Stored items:

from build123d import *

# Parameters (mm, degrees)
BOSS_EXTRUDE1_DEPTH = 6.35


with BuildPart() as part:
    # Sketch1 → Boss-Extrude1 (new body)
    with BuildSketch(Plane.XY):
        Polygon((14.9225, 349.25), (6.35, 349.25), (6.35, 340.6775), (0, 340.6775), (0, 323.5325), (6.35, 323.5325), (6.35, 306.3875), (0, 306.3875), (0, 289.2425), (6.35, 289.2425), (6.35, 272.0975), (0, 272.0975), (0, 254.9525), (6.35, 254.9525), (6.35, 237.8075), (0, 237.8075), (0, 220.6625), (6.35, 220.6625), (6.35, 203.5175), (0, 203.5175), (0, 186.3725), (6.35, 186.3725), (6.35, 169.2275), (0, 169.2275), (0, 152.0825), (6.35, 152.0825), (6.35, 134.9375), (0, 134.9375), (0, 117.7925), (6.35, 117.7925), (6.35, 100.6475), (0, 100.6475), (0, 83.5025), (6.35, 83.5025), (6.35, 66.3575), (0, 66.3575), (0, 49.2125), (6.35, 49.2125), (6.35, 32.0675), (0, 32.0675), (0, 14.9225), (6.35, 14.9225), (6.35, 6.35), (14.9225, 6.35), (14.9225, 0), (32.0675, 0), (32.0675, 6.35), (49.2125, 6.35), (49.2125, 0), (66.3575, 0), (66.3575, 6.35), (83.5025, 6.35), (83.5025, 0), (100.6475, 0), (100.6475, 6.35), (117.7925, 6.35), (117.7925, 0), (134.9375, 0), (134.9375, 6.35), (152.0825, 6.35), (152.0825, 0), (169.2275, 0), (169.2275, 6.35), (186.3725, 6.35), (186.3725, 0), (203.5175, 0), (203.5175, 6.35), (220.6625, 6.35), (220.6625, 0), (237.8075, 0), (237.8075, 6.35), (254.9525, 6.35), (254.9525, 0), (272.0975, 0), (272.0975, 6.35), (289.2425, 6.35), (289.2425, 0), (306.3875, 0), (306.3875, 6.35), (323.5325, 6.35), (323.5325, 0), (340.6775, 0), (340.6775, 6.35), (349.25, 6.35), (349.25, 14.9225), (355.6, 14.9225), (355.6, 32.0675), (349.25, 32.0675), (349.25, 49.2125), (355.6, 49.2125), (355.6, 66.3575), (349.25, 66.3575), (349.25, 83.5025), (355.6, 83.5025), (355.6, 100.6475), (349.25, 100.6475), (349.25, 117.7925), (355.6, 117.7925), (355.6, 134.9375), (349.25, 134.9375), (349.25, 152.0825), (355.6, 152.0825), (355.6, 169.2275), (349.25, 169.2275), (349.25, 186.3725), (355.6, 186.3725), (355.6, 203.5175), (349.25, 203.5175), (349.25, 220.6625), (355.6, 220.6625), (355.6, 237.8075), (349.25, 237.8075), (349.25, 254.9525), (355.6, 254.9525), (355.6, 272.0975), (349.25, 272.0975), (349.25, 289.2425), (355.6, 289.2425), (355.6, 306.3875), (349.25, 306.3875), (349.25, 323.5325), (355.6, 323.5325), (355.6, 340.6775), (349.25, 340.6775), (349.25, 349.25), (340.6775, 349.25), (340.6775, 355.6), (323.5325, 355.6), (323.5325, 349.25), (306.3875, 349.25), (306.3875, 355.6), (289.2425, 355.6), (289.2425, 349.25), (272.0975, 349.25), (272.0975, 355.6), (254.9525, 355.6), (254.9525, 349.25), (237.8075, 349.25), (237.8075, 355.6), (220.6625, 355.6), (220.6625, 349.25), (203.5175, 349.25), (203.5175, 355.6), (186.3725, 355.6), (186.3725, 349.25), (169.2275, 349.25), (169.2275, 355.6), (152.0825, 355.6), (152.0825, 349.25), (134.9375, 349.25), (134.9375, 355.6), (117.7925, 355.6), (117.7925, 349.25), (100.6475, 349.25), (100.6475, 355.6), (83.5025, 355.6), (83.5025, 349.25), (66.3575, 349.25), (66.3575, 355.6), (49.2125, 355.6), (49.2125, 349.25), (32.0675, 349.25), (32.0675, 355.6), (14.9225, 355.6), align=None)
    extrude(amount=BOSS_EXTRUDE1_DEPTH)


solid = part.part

§ **EXERCISE DETAILS**: Each line above that contains the word "with" should be copied.

§ **YOUR SOLUTION**:
with BuildPart() as part:
    with BuildSketch(Plane.XY):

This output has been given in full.